Taking the entries below, transcribe only the lines starting with the one with "Compare To Constant2 : simulink/Logic" and going on through the one with "Enable : EnablePort", exactly as written, without the pictures.
Data listing below:
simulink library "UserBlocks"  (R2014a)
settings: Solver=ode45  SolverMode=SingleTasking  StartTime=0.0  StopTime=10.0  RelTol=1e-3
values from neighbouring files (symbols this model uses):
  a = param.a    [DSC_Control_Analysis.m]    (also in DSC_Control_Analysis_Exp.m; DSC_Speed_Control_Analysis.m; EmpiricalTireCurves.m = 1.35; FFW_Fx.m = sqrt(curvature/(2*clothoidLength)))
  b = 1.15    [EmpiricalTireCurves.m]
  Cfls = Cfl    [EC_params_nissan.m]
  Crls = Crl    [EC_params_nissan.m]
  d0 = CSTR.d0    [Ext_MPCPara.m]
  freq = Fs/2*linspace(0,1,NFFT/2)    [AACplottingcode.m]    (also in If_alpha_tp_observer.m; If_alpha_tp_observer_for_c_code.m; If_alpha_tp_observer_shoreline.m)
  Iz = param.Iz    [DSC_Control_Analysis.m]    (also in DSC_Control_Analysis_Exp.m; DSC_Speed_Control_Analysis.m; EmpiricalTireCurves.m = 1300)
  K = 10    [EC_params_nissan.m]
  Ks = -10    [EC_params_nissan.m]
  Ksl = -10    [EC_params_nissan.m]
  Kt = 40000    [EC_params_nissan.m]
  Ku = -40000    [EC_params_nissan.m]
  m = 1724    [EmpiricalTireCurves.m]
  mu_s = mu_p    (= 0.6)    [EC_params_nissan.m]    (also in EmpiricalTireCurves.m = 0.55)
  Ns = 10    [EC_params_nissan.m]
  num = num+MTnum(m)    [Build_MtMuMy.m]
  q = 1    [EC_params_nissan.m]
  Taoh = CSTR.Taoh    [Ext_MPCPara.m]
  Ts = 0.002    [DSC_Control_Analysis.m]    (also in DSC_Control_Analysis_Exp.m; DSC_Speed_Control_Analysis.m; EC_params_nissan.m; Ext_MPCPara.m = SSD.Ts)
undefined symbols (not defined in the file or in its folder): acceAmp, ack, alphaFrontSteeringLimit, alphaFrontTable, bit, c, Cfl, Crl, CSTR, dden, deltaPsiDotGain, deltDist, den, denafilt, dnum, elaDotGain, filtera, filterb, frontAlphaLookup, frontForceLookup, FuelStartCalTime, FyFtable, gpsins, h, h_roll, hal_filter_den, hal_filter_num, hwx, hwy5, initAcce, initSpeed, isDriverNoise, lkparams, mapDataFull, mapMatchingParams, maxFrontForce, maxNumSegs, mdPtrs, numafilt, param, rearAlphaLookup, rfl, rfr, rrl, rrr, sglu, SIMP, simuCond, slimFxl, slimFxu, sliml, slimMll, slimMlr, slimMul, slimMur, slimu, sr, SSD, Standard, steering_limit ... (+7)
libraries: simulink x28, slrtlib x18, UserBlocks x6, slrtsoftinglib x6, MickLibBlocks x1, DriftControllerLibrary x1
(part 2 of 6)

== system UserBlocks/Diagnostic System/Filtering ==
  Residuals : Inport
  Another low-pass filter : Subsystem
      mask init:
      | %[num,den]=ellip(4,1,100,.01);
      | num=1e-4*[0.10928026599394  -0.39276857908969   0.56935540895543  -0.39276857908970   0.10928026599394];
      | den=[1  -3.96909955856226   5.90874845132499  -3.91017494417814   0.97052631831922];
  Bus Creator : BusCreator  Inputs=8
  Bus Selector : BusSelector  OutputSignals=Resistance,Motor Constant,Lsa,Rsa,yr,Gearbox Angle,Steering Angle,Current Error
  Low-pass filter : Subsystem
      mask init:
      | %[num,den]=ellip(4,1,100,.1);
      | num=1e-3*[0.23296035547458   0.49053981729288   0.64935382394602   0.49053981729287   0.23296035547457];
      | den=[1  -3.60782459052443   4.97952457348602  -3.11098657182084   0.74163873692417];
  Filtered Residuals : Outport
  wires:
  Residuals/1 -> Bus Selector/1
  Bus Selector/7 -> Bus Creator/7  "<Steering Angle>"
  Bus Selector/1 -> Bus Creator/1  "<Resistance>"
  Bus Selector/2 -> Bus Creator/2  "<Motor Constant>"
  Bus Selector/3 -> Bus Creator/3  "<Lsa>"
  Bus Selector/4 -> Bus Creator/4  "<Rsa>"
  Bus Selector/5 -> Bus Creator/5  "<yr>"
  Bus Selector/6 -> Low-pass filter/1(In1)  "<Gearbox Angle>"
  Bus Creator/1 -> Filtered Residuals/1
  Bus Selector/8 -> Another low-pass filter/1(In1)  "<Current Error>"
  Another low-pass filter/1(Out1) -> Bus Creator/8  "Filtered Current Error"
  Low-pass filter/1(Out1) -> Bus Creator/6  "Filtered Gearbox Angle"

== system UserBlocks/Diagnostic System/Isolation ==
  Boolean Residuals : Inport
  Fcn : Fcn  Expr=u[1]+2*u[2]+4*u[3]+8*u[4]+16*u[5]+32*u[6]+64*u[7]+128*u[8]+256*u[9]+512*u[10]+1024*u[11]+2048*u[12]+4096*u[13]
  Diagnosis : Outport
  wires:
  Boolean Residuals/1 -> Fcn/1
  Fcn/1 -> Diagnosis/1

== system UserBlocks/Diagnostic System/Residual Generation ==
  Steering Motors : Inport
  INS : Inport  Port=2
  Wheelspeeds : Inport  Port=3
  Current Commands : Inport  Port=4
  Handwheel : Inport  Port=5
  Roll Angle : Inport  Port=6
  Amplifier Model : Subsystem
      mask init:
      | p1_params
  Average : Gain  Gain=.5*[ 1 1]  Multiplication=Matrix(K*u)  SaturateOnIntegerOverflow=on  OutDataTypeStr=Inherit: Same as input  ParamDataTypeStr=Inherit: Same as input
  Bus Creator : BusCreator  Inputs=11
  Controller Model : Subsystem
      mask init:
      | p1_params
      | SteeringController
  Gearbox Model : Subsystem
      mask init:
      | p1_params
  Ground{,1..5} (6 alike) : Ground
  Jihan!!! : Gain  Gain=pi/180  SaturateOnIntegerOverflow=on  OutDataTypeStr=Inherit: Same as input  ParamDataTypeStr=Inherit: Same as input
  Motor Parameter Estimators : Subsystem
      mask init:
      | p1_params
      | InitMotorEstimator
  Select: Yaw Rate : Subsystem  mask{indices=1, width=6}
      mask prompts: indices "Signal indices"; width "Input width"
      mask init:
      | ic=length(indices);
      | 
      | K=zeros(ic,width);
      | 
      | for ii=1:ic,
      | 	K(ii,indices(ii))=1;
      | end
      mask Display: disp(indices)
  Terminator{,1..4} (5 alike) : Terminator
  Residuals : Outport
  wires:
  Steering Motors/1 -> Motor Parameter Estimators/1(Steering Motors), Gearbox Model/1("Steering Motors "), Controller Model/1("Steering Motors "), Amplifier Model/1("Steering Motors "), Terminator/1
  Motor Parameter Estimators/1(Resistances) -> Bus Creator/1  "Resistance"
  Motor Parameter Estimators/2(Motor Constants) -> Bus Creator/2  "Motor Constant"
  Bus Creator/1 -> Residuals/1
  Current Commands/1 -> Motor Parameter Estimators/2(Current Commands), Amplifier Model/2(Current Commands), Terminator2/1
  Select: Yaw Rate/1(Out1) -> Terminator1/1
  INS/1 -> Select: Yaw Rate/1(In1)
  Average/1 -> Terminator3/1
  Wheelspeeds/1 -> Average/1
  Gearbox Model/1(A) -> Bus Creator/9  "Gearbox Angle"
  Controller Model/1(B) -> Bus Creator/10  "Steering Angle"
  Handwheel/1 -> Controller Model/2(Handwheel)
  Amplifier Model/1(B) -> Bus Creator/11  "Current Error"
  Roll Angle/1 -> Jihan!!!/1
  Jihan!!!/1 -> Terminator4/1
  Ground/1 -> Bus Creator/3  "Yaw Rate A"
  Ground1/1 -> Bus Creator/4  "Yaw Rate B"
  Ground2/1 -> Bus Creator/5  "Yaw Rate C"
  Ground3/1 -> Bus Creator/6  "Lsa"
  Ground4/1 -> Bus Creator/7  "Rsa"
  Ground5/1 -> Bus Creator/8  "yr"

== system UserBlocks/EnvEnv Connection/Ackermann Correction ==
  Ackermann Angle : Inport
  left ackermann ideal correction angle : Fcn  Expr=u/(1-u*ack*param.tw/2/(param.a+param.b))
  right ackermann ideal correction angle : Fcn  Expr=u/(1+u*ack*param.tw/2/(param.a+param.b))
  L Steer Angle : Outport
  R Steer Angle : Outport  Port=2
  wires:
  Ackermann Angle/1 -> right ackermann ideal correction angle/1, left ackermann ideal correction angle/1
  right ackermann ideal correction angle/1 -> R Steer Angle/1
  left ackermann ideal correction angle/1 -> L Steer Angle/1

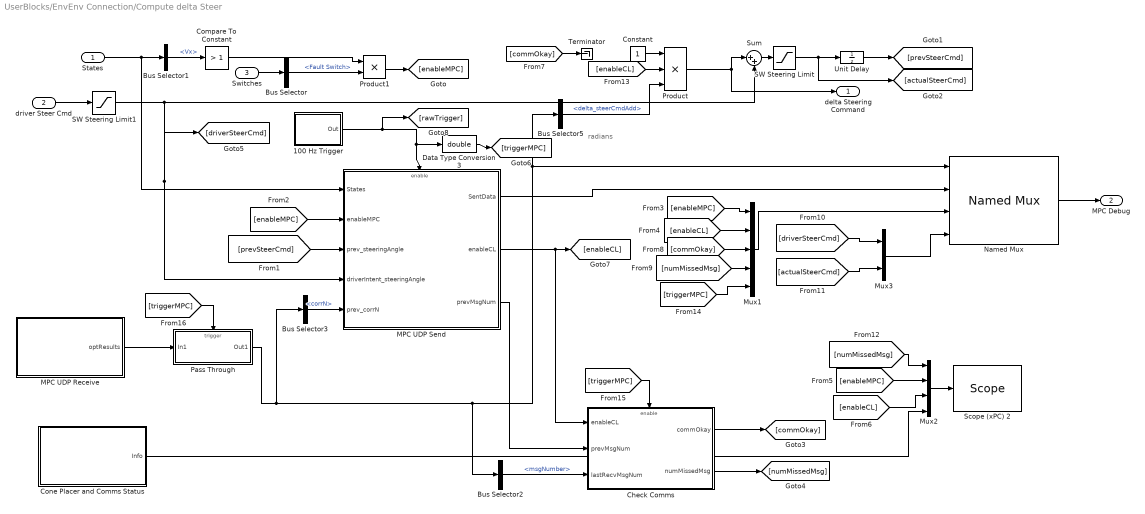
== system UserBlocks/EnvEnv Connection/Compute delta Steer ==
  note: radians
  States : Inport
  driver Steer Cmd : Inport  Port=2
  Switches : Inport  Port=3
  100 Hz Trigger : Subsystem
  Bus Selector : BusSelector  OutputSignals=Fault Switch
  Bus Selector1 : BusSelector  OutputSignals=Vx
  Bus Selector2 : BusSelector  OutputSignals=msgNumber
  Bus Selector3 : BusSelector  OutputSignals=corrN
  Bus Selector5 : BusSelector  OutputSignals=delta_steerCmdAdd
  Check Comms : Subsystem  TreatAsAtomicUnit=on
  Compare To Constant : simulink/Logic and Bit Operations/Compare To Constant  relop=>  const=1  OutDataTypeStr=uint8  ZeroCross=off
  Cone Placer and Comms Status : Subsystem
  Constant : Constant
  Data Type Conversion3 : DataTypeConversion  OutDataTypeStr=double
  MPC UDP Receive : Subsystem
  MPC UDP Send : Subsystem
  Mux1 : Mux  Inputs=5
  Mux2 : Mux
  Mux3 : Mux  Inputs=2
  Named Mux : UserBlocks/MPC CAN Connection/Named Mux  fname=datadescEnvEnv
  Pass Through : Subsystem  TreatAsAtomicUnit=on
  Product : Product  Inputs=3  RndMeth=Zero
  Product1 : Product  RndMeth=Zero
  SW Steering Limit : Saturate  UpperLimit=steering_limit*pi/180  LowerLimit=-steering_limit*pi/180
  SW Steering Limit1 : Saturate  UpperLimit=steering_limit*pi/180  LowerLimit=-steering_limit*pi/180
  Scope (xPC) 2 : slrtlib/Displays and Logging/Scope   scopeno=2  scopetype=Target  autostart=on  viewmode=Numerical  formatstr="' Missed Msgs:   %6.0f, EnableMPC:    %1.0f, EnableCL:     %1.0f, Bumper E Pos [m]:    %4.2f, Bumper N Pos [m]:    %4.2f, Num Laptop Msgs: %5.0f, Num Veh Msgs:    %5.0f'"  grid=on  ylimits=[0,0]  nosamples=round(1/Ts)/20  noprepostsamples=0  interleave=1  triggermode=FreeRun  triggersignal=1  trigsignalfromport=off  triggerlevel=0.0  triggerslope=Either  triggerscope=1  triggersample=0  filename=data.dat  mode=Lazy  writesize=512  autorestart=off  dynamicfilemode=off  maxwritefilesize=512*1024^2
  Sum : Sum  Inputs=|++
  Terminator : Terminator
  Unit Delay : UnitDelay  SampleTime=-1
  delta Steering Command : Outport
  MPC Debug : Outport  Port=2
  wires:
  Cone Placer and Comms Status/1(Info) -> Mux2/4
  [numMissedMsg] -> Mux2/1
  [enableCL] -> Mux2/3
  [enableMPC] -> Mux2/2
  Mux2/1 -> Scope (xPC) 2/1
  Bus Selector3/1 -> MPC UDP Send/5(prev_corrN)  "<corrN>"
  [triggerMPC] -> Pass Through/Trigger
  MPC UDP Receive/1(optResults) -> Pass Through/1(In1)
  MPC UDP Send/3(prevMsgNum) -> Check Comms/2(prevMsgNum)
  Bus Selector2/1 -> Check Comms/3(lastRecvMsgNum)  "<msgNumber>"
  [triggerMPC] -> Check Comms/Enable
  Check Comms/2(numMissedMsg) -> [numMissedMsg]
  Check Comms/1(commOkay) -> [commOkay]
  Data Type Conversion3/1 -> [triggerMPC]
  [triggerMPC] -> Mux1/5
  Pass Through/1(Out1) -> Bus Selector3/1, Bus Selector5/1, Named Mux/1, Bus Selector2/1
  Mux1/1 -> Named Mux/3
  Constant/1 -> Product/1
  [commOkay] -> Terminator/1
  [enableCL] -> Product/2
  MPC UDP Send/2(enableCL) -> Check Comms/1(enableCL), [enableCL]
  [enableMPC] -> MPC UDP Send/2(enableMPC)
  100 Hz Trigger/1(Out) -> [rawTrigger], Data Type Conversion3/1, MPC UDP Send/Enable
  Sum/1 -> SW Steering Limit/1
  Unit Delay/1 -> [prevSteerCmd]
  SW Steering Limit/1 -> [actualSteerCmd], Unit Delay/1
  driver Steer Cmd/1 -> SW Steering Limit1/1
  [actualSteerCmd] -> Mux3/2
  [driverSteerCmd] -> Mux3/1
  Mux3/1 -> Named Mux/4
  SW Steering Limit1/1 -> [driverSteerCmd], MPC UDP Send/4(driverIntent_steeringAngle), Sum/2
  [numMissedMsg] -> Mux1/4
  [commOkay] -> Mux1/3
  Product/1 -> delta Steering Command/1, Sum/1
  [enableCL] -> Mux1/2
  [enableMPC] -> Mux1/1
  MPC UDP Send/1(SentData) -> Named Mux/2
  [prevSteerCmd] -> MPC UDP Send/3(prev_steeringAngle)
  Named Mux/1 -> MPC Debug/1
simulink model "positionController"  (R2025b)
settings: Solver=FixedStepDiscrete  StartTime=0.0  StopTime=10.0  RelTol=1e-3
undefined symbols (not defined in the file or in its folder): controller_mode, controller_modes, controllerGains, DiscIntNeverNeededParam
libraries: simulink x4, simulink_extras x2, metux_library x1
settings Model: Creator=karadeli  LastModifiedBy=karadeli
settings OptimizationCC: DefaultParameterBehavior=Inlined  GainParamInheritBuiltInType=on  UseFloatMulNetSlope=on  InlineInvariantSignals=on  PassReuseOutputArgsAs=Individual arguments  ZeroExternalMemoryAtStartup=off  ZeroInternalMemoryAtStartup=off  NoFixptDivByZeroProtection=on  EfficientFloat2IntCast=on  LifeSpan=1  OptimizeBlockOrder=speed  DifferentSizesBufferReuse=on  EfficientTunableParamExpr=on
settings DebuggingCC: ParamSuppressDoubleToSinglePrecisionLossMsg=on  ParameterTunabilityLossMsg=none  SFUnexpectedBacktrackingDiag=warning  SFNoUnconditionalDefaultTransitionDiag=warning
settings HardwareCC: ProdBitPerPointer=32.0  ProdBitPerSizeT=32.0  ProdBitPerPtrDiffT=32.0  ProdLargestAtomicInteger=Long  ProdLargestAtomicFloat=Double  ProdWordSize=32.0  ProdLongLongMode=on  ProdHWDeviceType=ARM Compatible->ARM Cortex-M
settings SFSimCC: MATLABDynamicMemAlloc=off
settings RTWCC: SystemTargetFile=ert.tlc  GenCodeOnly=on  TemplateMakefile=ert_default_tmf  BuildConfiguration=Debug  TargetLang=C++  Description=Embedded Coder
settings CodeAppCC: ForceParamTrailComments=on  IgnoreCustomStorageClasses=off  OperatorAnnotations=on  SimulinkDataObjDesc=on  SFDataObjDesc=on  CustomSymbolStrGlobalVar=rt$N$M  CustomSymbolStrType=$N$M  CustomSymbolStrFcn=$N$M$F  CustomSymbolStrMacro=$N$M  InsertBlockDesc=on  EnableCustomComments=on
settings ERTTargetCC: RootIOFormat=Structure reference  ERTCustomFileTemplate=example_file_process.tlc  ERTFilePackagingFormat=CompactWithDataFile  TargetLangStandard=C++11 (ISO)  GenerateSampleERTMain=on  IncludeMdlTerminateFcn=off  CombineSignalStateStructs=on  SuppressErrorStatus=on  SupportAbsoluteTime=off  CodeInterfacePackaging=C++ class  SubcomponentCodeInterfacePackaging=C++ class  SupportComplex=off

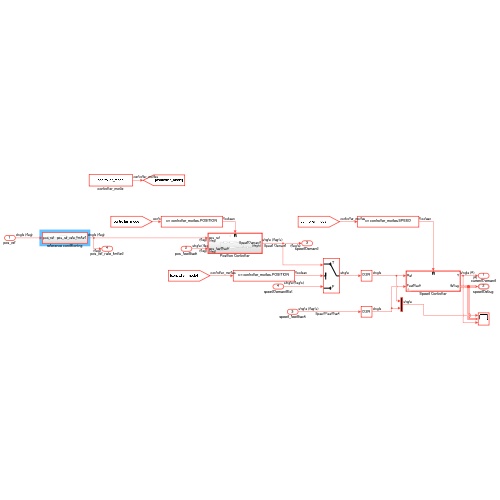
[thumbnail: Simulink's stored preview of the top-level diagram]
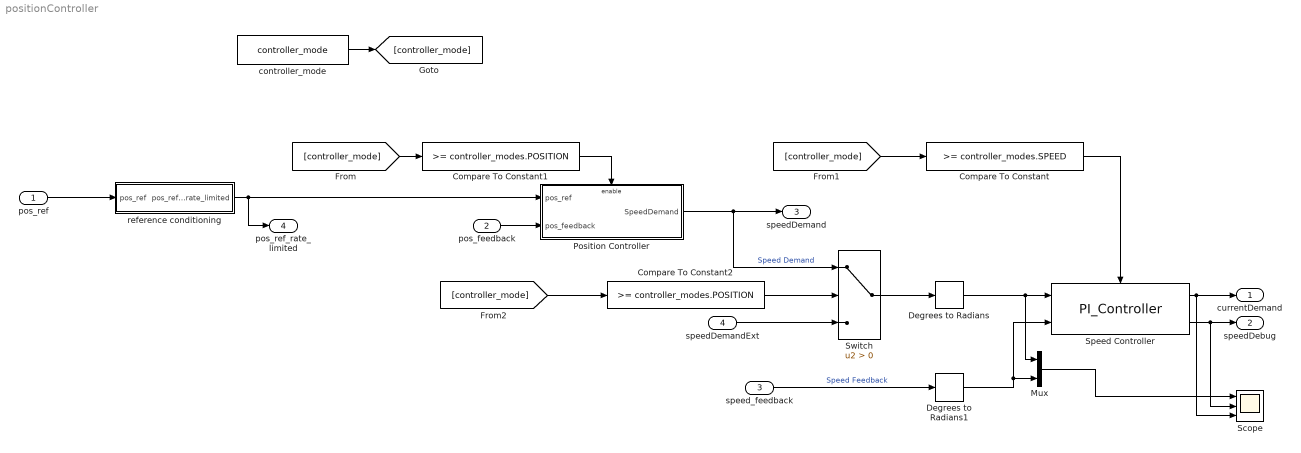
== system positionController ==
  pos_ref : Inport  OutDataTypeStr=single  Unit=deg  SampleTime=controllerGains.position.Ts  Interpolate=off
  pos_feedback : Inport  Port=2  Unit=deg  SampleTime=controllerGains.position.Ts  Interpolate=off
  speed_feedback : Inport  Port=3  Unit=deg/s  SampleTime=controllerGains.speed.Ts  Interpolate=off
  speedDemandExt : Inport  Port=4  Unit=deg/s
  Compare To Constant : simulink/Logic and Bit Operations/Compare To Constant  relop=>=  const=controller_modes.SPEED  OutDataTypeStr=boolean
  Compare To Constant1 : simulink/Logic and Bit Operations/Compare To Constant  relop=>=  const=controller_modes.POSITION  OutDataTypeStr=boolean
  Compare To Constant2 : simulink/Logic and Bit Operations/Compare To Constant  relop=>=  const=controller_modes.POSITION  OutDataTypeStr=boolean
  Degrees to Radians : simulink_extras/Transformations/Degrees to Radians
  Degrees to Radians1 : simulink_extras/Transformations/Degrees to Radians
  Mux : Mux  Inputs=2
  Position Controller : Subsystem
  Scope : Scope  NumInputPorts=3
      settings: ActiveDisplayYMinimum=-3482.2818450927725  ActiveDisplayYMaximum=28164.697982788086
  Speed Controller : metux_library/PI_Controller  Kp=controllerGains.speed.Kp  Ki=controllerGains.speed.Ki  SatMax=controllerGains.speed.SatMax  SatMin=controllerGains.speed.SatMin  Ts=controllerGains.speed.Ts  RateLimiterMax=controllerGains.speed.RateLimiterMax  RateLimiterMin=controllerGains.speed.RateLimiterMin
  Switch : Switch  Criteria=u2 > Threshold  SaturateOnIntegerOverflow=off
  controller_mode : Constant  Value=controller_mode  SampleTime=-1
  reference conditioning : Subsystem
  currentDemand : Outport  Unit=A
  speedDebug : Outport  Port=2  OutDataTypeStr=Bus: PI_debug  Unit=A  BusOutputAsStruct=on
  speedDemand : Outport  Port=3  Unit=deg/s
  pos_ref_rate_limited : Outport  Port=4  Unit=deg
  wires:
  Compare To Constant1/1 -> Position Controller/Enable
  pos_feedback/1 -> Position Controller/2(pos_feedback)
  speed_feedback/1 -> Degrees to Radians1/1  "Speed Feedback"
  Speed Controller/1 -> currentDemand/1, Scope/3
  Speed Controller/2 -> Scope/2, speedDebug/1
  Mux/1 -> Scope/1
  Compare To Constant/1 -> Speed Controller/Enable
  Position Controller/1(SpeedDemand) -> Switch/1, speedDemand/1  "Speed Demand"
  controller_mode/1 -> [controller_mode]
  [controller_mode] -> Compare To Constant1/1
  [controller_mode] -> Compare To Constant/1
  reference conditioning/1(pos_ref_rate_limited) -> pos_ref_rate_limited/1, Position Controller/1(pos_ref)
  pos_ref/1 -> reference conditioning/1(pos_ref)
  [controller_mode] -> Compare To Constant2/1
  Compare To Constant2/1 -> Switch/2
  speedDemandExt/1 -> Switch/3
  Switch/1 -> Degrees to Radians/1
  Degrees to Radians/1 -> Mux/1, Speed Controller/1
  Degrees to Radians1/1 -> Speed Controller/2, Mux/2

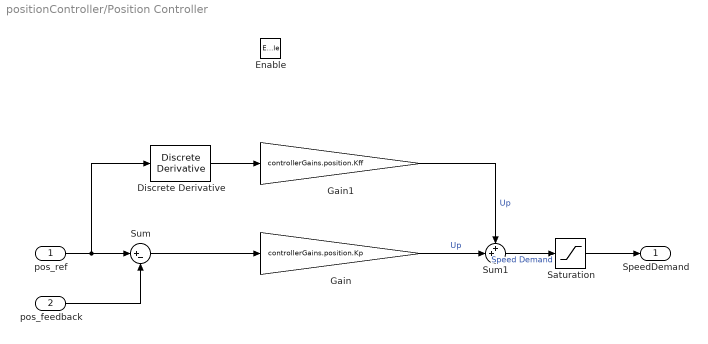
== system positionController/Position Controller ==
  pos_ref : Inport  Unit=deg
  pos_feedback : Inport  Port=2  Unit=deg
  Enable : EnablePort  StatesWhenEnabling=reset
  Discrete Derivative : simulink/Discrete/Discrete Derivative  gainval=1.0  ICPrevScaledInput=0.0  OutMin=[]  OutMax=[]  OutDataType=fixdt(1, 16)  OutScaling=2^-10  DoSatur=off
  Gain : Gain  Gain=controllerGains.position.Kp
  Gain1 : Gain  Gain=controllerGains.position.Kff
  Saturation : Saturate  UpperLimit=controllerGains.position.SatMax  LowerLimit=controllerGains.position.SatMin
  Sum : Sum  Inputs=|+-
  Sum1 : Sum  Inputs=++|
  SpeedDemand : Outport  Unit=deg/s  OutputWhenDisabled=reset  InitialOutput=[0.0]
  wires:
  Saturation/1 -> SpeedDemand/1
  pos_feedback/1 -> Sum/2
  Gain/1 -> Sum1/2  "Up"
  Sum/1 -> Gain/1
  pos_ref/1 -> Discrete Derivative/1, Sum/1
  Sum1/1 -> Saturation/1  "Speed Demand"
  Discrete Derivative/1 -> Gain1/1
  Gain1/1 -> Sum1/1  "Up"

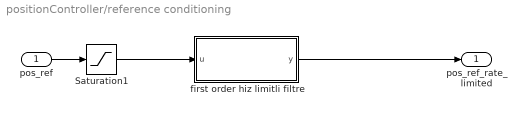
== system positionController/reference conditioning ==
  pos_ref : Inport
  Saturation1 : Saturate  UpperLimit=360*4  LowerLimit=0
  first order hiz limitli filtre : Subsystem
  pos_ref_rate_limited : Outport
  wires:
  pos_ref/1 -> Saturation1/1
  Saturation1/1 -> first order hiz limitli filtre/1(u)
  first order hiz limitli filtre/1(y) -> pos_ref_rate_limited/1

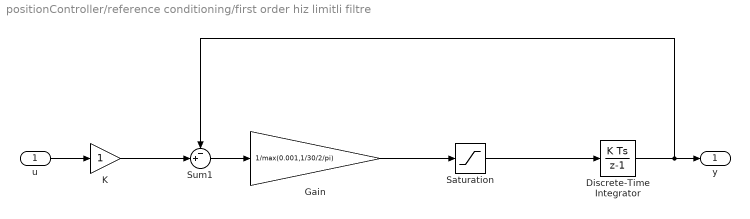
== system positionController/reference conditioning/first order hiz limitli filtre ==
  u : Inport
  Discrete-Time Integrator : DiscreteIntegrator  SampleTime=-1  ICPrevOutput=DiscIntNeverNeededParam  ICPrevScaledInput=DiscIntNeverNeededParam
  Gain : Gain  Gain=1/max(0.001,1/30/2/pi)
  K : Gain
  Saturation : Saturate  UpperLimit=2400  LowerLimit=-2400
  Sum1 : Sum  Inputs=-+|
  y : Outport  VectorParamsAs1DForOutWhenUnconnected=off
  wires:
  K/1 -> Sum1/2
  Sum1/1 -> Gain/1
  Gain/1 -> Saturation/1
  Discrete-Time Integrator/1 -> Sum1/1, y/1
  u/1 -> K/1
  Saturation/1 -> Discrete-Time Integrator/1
End of Data listing.
* **Answer space**
  Compare To Constant2 : simulink/Logic and Bit Operations/Compare To Constant  relop=>=  const=controller_modes.POSITION  OutDataTypeStr=boolean
  Degrees to Radians : simulink_extras/Transformations/Degrees to Radians
  Degrees to Radians1 : simulink_extras/Transformations/Degrees to Radians
  Mux : Mux  Inputs=2
  Position Controller : Subsystem
  Scope : Scope  NumInputPorts=3
      settings: ActiveDisplayYMinimum=-3482.2818450927725  ActiveDisplayYMaximum=28164.697982788086
  Speed Controller : metux_library/PI_Controller  Kp=controllerGains.speed.Kp  Ki=controllerGains.speed.Ki  SatMax=controllerGains.speed.SatMax  SatMin=controllerGains.speed.SatMin  Ts=controllerGains.speed.Ts  RateLimiterMax=controllerGains.speed.RateLimiterMax  RateLimiterMin=controllerGains.speed.RateLimiterMin
  Switch : Switch  Criteria=u2 > Threshold  SaturateOnIntegerOverflow=off
  controller_mode : Constant  Value=controller_mode  SampleTime=-1
  reference conditioning : Subsystem
  currentDemand : Outport  Unit=A
  speedDebug : Outport  Port=2  OutDataTypeStr=Bus: PI_debug  Unit=A  BusOutputAsStruct=on
  speedDemand : Outport  Port=3  Unit=deg/s
  pos_ref_rate_limited : Outport  Port=4  Unit=deg
  wires:
  Compare To Constant1/1 -> Position Controller/Enable
  pos_feedback/1 -> Position Controller/2(pos_feedback)
  speed_feedback/1 -> Degrees to Radians1/1  "Speed Feedback"
  Speed Controller/1 -> currentDemand/1, Scope/3
  Speed Controller/2 -> Scope/2, speedDebug/1
  Mux/1 -> Scope/1
  Compare To Constant/1 -> Speed Controller/Enable
  Position Controller/1(SpeedDemand) -> Switch/1, speedDemand/1  "Speed Demand"
  controller_mode/1 -> [controller_mode]
  [controller_mode] -> Compare To Constant1/1
  [controller_mode] -> Compare To Constant/1
  reference conditioning/1(pos_ref_rate_limited) -> pos_ref_rate_limited/1, Position Controller/1(pos_ref)
  pos_ref/1 -> reference conditioning/1(pos_ref)
  [controller_mode] -> Compare To Constant2/1
  Compare To Constant2/1 -> Switch/2
  speedDemandExt/1 -> Switch/3
  Switch/1 -> Degrees to Radians/1
  Degrees to Radians/1 -> Mux/1, Speed Controller/1
  Degrees to Radians1/1 -> Speed Controller/2, Mux/2

== system positionController/Position Controller ==
  pos_ref : Inport  Unit=deg
  pos_feedback : Inport  Port=2  Unit=deg
  Enable : EnablePort  StatesWhenEnabling=reset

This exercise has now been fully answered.